[Work instruction] Give again, unaltered, the lines of the listing below that run from the line having "#29=CARTESIAN_POINT('',(25.4,0.,25.4));" through the line having "#56=DIRECTION('',(-1.,0.,0.));".

#### Extracted information ####

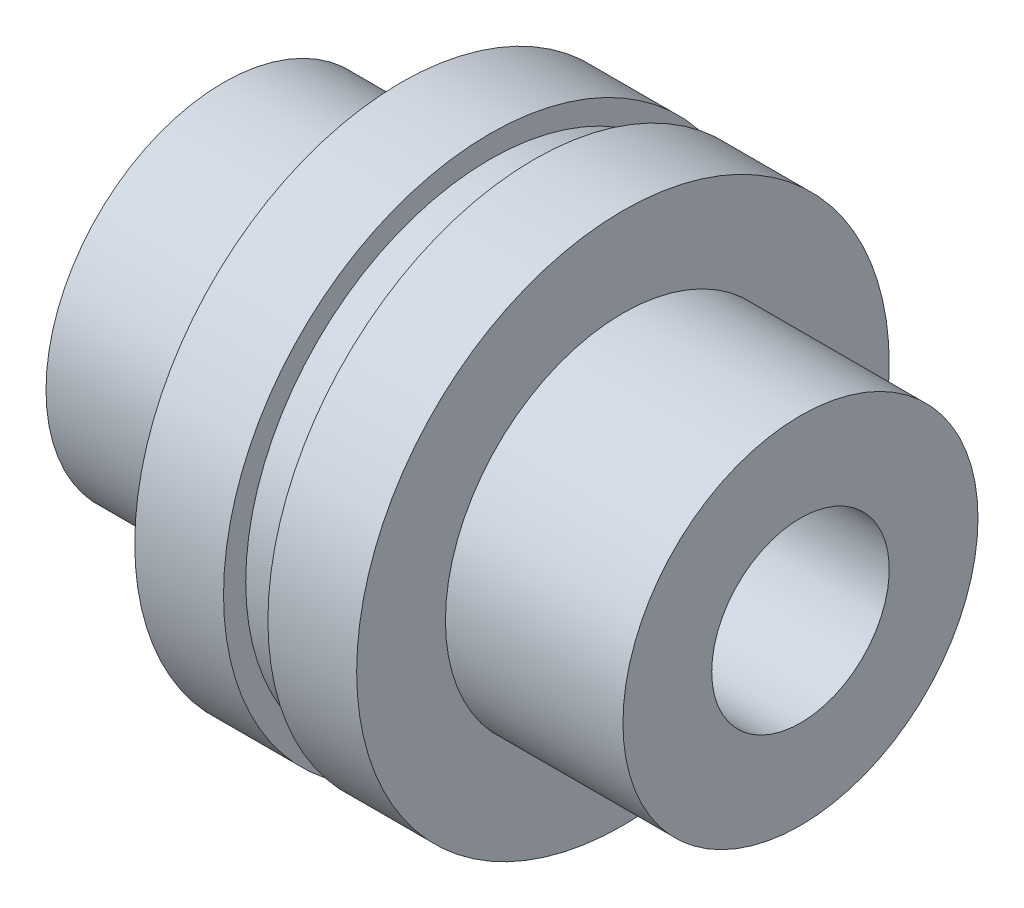
ISO-10303-21;
HEADER;
FILE_DESCRIPTION(('STEP AP214'),'2;1');
FILE_NAME('part.step','',(''),(''),'','','');
FILE_SCHEMA(('AUTOMOTIVE_DESIGN { 1 0 10303 214 1 1 1 1 }'));
ENDSEC;
DATA;
#1=APPLICATION_CONTEXT('core data for automotive mechanical design processes');
#2=APPLICATION_PROTOCOL_DEFINITION('international standard','automotive_design',2000,#1);
#3=PRODUCT_CONTEXT('',#1,'mechanical');
#4=PRODUCT('Part','Part','',(#3));
#5=PRODUCT_RELATED_PRODUCT_CATEGORY('part','',(#4));
#6=PRODUCT_DEFINITION_FORMATION('','',#4);
#7=PRODUCT_DEFINITION_CONTEXT('part definition',#1,'design');
#8=PRODUCT_DEFINITION('design','',#6,#7);
#9=PRODUCT_DEFINITION_SHAPE('','',#8);
#10=(LENGTH_UNIT() NAMED_UNIT(*) SI_UNIT(.MILLI.,.METRE.));
#11=(NAMED_UNIT(*) PLANE_ANGLE_UNIT() SI_UNIT($,.RADIAN.));
#12=(NAMED_UNIT(*) SI_UNIT($,.STERADIAN.) SOLID_ANGLE_UNIT());
#13=UNCERTAINTY_MEASURE_WITH_UNIT(LENGTH_MEASURE(1.E-05),#10,'distance_accuracy_value','');
#14=(GEOMETRIC_REPRESENTATION_CONTEXT(3) GLOBAL_UNCERTAINTY_ASSIGNED_CONTEXT((#13)) GLOBAL_UNIT_ASSIGNED_CONTEXT((#10,
#11,#12)) REPRESENTATION_CONTEXT('',''));
#15=CARTESIAN_POINT('',(0.,0.,0.));
#16=DIRECTION('',(0.,0.,1.));
#17=DIRECTION('',(1.,0.,0.));
#18=AXIS2_PLACEMENT_3D('',#15,#16,#17);
#19=CARTESIAN_POINT('',(0.,0.,0.));
#20=DIRECTION('',(-1.,0.,0.));
#21=DIRECTION('',(0.,0.,1.));
#22=AXIS2_PLACEMENT_3D('',#19,#20,#21);
#23=CYLINDRICAL_SURFACE('',#22,25.4);
#24=CARTESIAN_POINT('',(25.4,0.,0.));
#25=DIRECTION('',(-1.,0.,0.));
#26=DIRECTION('',(0.,0.,1.));
#27=AXIS2_PLACEMENT_3D('',#24,#25,#26);
#28=CIRCLE('',#27,25.4);
#29=CARTESIAN_POINT('',(25.4,0.,25.4));
#30=VERTEX_POINT('',#29);
#31=EDGE_CURVE('E84',#30,#30,#28,.T.);
#32=ORIENTED_EDGE('',*,*,#31,.T.);
#33=EDGE_LOOP('',(#32));
#34=FACE_BOUND('',#33,.T.);
#35=CARTESIAN_POINT('',(0.,0.,0.));
#36=DIRECTION('',(-1.,0.,0.));
#37=DIRECTION('',(0.,0.,1.));
#38=AXIS2_PLACEMENT_3D('',#35,#36,#37);
#39=CIRCLE('',#38,25.4);
#40=CARTESIAN_POINT('',(0.,0.,25.4));
#41=VERTEX_POINT('',#40);
#42=EDGE_CURVE('E12',#41,#41,#39,.T.);
#43=ORIENTED_EDGE('',*,*,#42,.F.);
#44=EDGE_LOOP('',(#43));
#45=FACE_BOUND('',#44,.T.);
#46=ADVANCED_FACE('F44',(#34,#45),#23,.T.);
#47=CARTESIAN_POINT('',(0.,12.7,0.));
#48=DIRECTION('',(-1.,0.,0.));
#49=DIRECTION('',(0.,0.,1.));
#50=AXIS2_PLACEMENT_3D('',#47,#48,#49);
#51=PLANE('',#50);
#52=ORIENTED_EDGE('',*,*,#42,.T.);
#53=EDGE_LOOP('',(#52));
#54=FACE_BOUND('',#53,.T.);
#55=CARTESIAN_POINT('',(0.,0.,0.));
#56=DIRECTION('',(-1.,0.,0.));
#57=DIRECTION('',(0.,0.,1.));
#58=AXIS2_PLACEMENT_3D('',#55,#56,#57);
#59=CIRCLE('',#58,12.7);
#60=CARTESIAN_POINT('',(0.,0.,12.7));
#61=VERTEX_POINT('',#60);
#62=EDGE_CURVE('E50',#61,#61,#59,.T.);
#63=ORIENTED_EDGE('',*,*,#62,.F.);
#64=EDGE_LOOP('',(#63));
#65=FACE_BOUND('',#64,.T.);
#66=ADVANCED_FACE('F102',(#54,#65),#51,.T.);
#67=CARTESIAN_POINT('',(0.,0.,0.));
#68=DIRECTION('',(-1.,0.,0.));
#69=DIRECTION('',(0.,0.,1.));
#70=AXIS2_PLACEMENT_3D('',#67,#68,#69);
#71=CYLINDRICAL_SURFACE('',#70,12.7);
#72=CARTESIAN_POINT('',(82.55,0.,0.));
#73=DIRECTION('',(-1.,0.,0.));
#74=DIRECTION('',(0.,0.,1.));
#75=AXIS2_PLACEMENT_3D('',#72,#73,#74);
#76=CIRCLE('',#75,12.7);
#77=CARTESIAN_POINT('',(82.55,0.,12.7));
#78=VERTEX_POINT('',#77);
#79=EDGE_CURVE('E54',#78,#78,#76,.T.);
#80=ORIENTED_EDGE('',*,*,#79,.F.);
#81=EDGE_LOOP('',(#80));
#82=FACE_BOUND('',#81,.T.);
#83=ORIENTED_EDGE('',*,*,#62,.T.);
#84=EDGE_LOOP('',(#83));
#85=FACE_BOUND('',#84,.T.);
#86=ADVANCED_FACE('F106',(#82,#85),#71,.F.);
#87=CARTESIAN_POINT('',(82.55,12.7,0.));
#88=DIRECTION('',(-1.,0.,0.));
#89=DIRECTION('',(0.,0.,1.));
#90=AXIS2_PLACEMENT_3D('',#87,#88,#89);
#91=PLANE('',#90);
#92=CARTESIAN_POINT('',(82.55,0.,0.));
#93=DIRECTION('',(-1.,0.,0.));
#94=DIRECTION('',(0.,0.,1.));
#95=AXIS2_PLACEMENT_3D('',#92,#93,#94);
#96=CIRCLE('',#95,25.4);
#97=CARTESIAN_POINT('',(82.55,0.,25.4));
#98=VERTEX_POINT('',#97);
#99=EDGE_CURVE('E58',#98,#98,#96,.T.);
#100=ORIENTED_EDGE('',*,*,#99,.F.);
#101=EDGE_LOOP('',(#100));
#102=FACE_BOUND('',#101,.T.);
#103=ORIENTED_EDGE('',*,*,#79,.T.);
#104=EDGE_LOOP('',(#103));
#105=FACE_BOUND('',#104,.T.);
#106=ADVANCED_FACE('F110',(#102,#105),#91,.F.);
#107=CARTESIAN_POINT('',(0.,0.,0.));
#108=DIRECTION('',(-1.,0.,0.));
#109=DIRECTION('',(0.,0.,1.));
#110=AXIS2_PLACEMENT_3D('',#107,#108,#109);
#111=CYLINDRICAL_SURFACE('',#110,25.4);
#112=CARTESIAN_POINT('',(57.15,0.,0.));
#113=DIRECTION('',(-1.,0.,0.));
#114=DIRECTION('',(0.,0.,1.));
#115=AXIS2_PLACEMENT_3D('',#112,#113,#114);
#116=CIRCLE('',#115,25.4);
#117=CARTESIAN_POINT('',(57.15,0.,25.4));
#118=VERTEX_POINT('',#117);
#119=EDGE_CURVE('E63',#118,#118,#116,.T.);
#120=ORIENTED_EDGE('',*,*,#119,.F.);
#121=EDGE_LOOP('',(#120));
#122=FACE_BOUND('',#121,.T.);
#123=ORIENTED_EDGE('',*,*,#99,.T.);
#124=EDGE_LOOP('',(#123));
#125=FACE_BOUND('',#124,.T.);
#126=ADVANCED_FACE('F117',(#122,#125),#111,.T.);
#127=CARTESIAN_POINT('',(57.15,25.4,0.));
#128=DIRECTION('',(-1.,0.,0.));
#129=DIRECTION('',(0.,0.,1.));
#130=AXIS2_PLACEMENT_3D('',#127,#128,#129);
#131=PLANE('',#130);
#132=CARTESIAN_POINT('',(57.15,0.,0.));
#133=DIRECTION('',(-1.,0.,0.));
#134=DIRECTION('',(0.,0.,1.));
#135=AXIS2_PLACEMENT_3D('',#132,#133,#134);
#136=CIRCLE('',#135,38.1);
#137=CARTESIAN_POINT('',(57.15,0.,38.1));
#138=VERTEX_POINT('',#137);
#139=EDGE_CURVE('E66',#138,#138,#136,.T.);
#140=ORIENTED_EDGE('',*,*,#139,.F.);
#141=EDGE_LOOP('',(#140));
#142=FACE_BOUND('',#141,.T.);
#143=ORIENTED_EDGE('',*,*,#119,.T.);
#144=EDGE_LOOP('',(#143));
#145=FACE_BOUND('',#144,.T.);
#146=ADVANCED_FACE('F121',(#142,#145),#131,.F.);
#147=CARTESIAN_POINT('',(0.,0.,0.));
#148=DIRECTION('',(-1.,0.,0.));
#149=DIRECTION('',(0.,0.,1.));
#150=AXIS2_PLACEMENT_3D('',#147,#148,#149);
#151=CYLINDRICAL_SURFACE('',#150,38.1);
#152=CARTESIAN_POINT('',(44.45,0.,0.));
#153=DIRECTION('',(-1.,0.,0.));
#154=DIRECTION('',(0.,0.,1.));
#155=AXIS2_PLACEMENT_3D('',#152,#153,#154);
#156=CIRCLE('',#155,38.1);
#157=CARTESIAN_POINT('',(44.45,0.,38.1));
#158=VERTEX_POINT('',#157);
#159=EDGE_CURVE('E69',#158,#158,#156,.T.);
#160=ORIENTED_EDGE('',*,*,#159,.F.);
#161=EDGE_LOOP('',(#160));
#162=FACE_BOUND('',#161,.T.);
#163=ORIENTED_EDGE('',*,*,#139,.T.);
#164=EDGE_LOOP('',(#163));
#165=FACE_BOUND('',#164,.T.);
#166=ADVANCED_FACE('F125',(#162,#165),#151,.T.);
#167=CARTESIAN_POINT('',(44.45,38.1,0.));
#168=DIRECTION('',(1.,0.,0.));
#169=DIRECTION('',(0.,0.,-1.));
#170=AXIS2_PLACEMENT_3D('',#167,#168,#169);
#171=PLANE('',#170);
#172=CARTESIAN_POINT('',(44.45,0.,0.));
#173=DIRECTION('',(-1.,0.,0.));
#174=DIRECTION('',(0.,0.,1.));
#175=AXIS2_PLACEMENT_3D('',#172,#173,#174);
#176=CIRCLE('',#175,34.925);
#177=CARTESIAN_POINT('',(44.45,0.,34.925));
#178=VERTEX_POINT('',#177);
#179=EDGE_CURVE('E72',#178,#178,#176,.T.);
#180=ORIENTED_EDGE('',*,*,#179,.F.);
#181=EDGE_LOOP('',(#180));
#182=FACE_BOUND('',#181,.T.);
#183=ORIENTED_EDGE('',*,*,#159,.T.);
#184=EDGE_LOOP('',(#183));
#185=FACE_BOUND('',#184,.T.);
#186=ADVANCED_FACE('F129',(#182,#185),#171,.F.);
#187=CARTESIAN_POINT('',(0.,0.,0.));
#188=DIRECTION('',(-1.,0.,0.));
#189=DIRECTION('',(0.,0.,1.));
#190=AXIS2_PLACEMENT_3D('',#187,#188,#189);
#191=CYLINDRICAL_SURFACE('',#190,34.925);
#192=ORIENTED_EDGE('',*,*,#179,.T.);
#193=EDGE_LOOP('',(#192));
#194=FACE_BOUND('',#193,.T.);
#195=CARTESIAN_POINT('',(38.1,0.,0.));
#196=DIRECTION('',(-1.,0.,0.));
#197=DIRECTION('',(0.,0.,1.));
#198=AXIS2_PLACEMENT_3D('',#195,#196,#197);
#199=CIRCLE('',#198,34.925);
#200=CARTESIAN_POINT('',(38.1,0.,34.925));
#201=VERTEX_POINT('',#200);
#202=EDGE_CURVE('E75',#201,#201,#199,.T.);
#203=ORIENTED_EDGE('',*,*,#202,.F.);
#204=EDGE_LOOP('',(#203));
#205=FACE_BOUND('',#204,.T.);
#206=ADVANCED_FACE('F133',(#194,#205),#191,.T.);
#207=CARTESIAN_POINT('',(38.1,38.1,0.));
#208=DIRECTION('',(1.,0.,0.));
#209=DIRECTION('',(0.,0.,-1.));
#210=AXIS2_PLACEMENT_3D('',#207,#208,#209);
#211=PLANE('',#210);
#212=ORIENTED_EDGE('',*,*,#202,.T.);
#213=EDGE_LOOP('',(#212));
#214=FACE_BOUND('',#213,.T.);
#215=CARTESIAN_POINT('',(38.1,0.,0.));
#216=DIRECTION('',(-1.,0.,0.));
#217=DIRECTION('',(0.,0.,1.));
#218=AXIS2_PLACEMENT_3D('',#215,#216,#217);
#219=CIRCLE('',#218,38.1);
#220=CARTESIAN_POINT('',(38.1,0.,38.1));
#221=VERTEX_POINT('',#220);
#222=EDGE_CURVE('E78',#221,#221,#219,.T.);
#223=ORIENTED_EDGE('',*,*,#222,.F.);
#224=EDGE_LOOP('',(#223));
#225=FACE_BOUND('',#224,.T.);
#226=ADVANCED_FACE('F98',(#214,#225),#211,.T.);
#227=CARTESIAN_POINT('',(0.,0.,0.));
#228=DIRECTION('',(-1.,0.,0.));
#229=DIRECTION('',(0.,0.,1.));
#230=AXIS2_PLACEMENT_3D('',#227,#228,#229);
#231=CYLINDRICAL_SURFACE('',#230,38.1);
#232=ORIENTED_EDGE('',*,*,#222,.T.);
#233=EDGE_LOOP('',(#232));
#234=FACE_BOUND('',#233,.T.);
#235=CARTESIAN_POINT('',(25.4,0.,0.));
#236=DIRECTION('',(-1.,0.,0.));
#237=DIRECTION('',(0.,0.,1.));
#238=AXIS2_PLACEMENT_3D('',#235,#236,#237);
#239=CIRCLE('',#238,38.1);
#240=CARTESIAN_POINT('',(25.4,0.,38.1));
#241=VERTEX_POINT('',#240);
#242=EDGE_CURVE('E81',#241,#241,#239,.T.);
#243=ORIENTED_EDGE('',*,*,#242,.F.);
#244=EDGE_LOOP('',(#243));
#245=FACE_BOUND('',#244,.T.);
#246=ADVANCED_FACE('F92',(#234,#245),#231,.T.);
#247=CARTESIAN_POINT('',(25.4,25.4,0.));
#248=DIRECTION('',(-1.,0.,0.));
#249=DIRECTION('',(0.,0.,1.));
#250=AXIS2_PLACEMENT_3D('',#247,#248,#249);
#251=PLANE('',#250);
#252=ORIENTED_EDGE('',*,*,#242,.T.);
#253=EDGE_LOOP('',(#252));
#254=FACE_BOUND('',#253,.T.);
#255=ORIENTED_EDGE('',*,*,#31,.F.);
#256=EDGE_LOOP('',(#255));
#257=FACE_BOUND('',#256,.T.);
#258=ADVANCED_FACE('F90',(#254,#257),#251,.T.);
#259=CLOSED_SHELL('',(#46,#66,#86,#106,#126,#146,#166,#186,#206,#226,#246,#258));
#260=MANIFOLD_SOLID_BREP('B2',#259);
#261=ADVANCED_BREP_SHAPE_REPRESENTATION('',(#18,#260),#14);
#262=SHAPE_DEFINITION_REPRESENTATION(#9,#261);
ENDSEC;
END-ISO-10303-21;

####

[The answer]
#29=CARTESIAN_POINT('',(25.4,0.,25.4));
#30=VERTEX_POINT('',#29);
#31=EDGE_CURVE('E84',#30,#30,#28,.T.);
#32=ORIENTED_EDGE('',*,*,#31,.T.);
#33=EDGE_LOOP('',(#32));
#34=FACE_BOUND('',#33,.T.);
#35=CARTESIAN_POINT('',(0.,0.,0.));
#36=DIRECTION('',(-1.,0.,0.));
#37=DIRECTION('',(0.,0.,1.));
#38=AXIS2_PLACEMENT_3D('',#35,#36,#37);
#39=CIRCLE('',#38,25.4);
#40=CARTESIAN_POINT('',(0.,0.,25.4));
#41=VERTEX_POINT('',#40);
#42=EDGE_CURVE('E12',#41,#41,#39,.T.);
#43=ORIENTED_EDGE('',*,*,#42,.F.);
#44=EDGE_LOOP('',(#43));
#45=FACE_BOUND('',#44,.T.);
#46=ADVANCED_FACE('F44',(#34,#45),#23,.T.);
#47=CARTESIAN_POINT('',(0.,12.7,0.));
#48=DIRECTION('',(-1.,0.,0.));
#49=DIRECTION('',(0.,0.,1.));
#50=AXIS2_PLACEMENT_3D('',#47,#48,#49);
#51=PLANE('',#50);
#52=ORIENTED_EDGE('',*,*,#42,.T.);
#53=EDGE_LOOP('',(#52));
#54=FACE_BOUND('',#53,.T.);
#55=CARTESIAN_POINT('',(0.,0.,0.));
#56=DIRECTION('',(-1.,0.,0.));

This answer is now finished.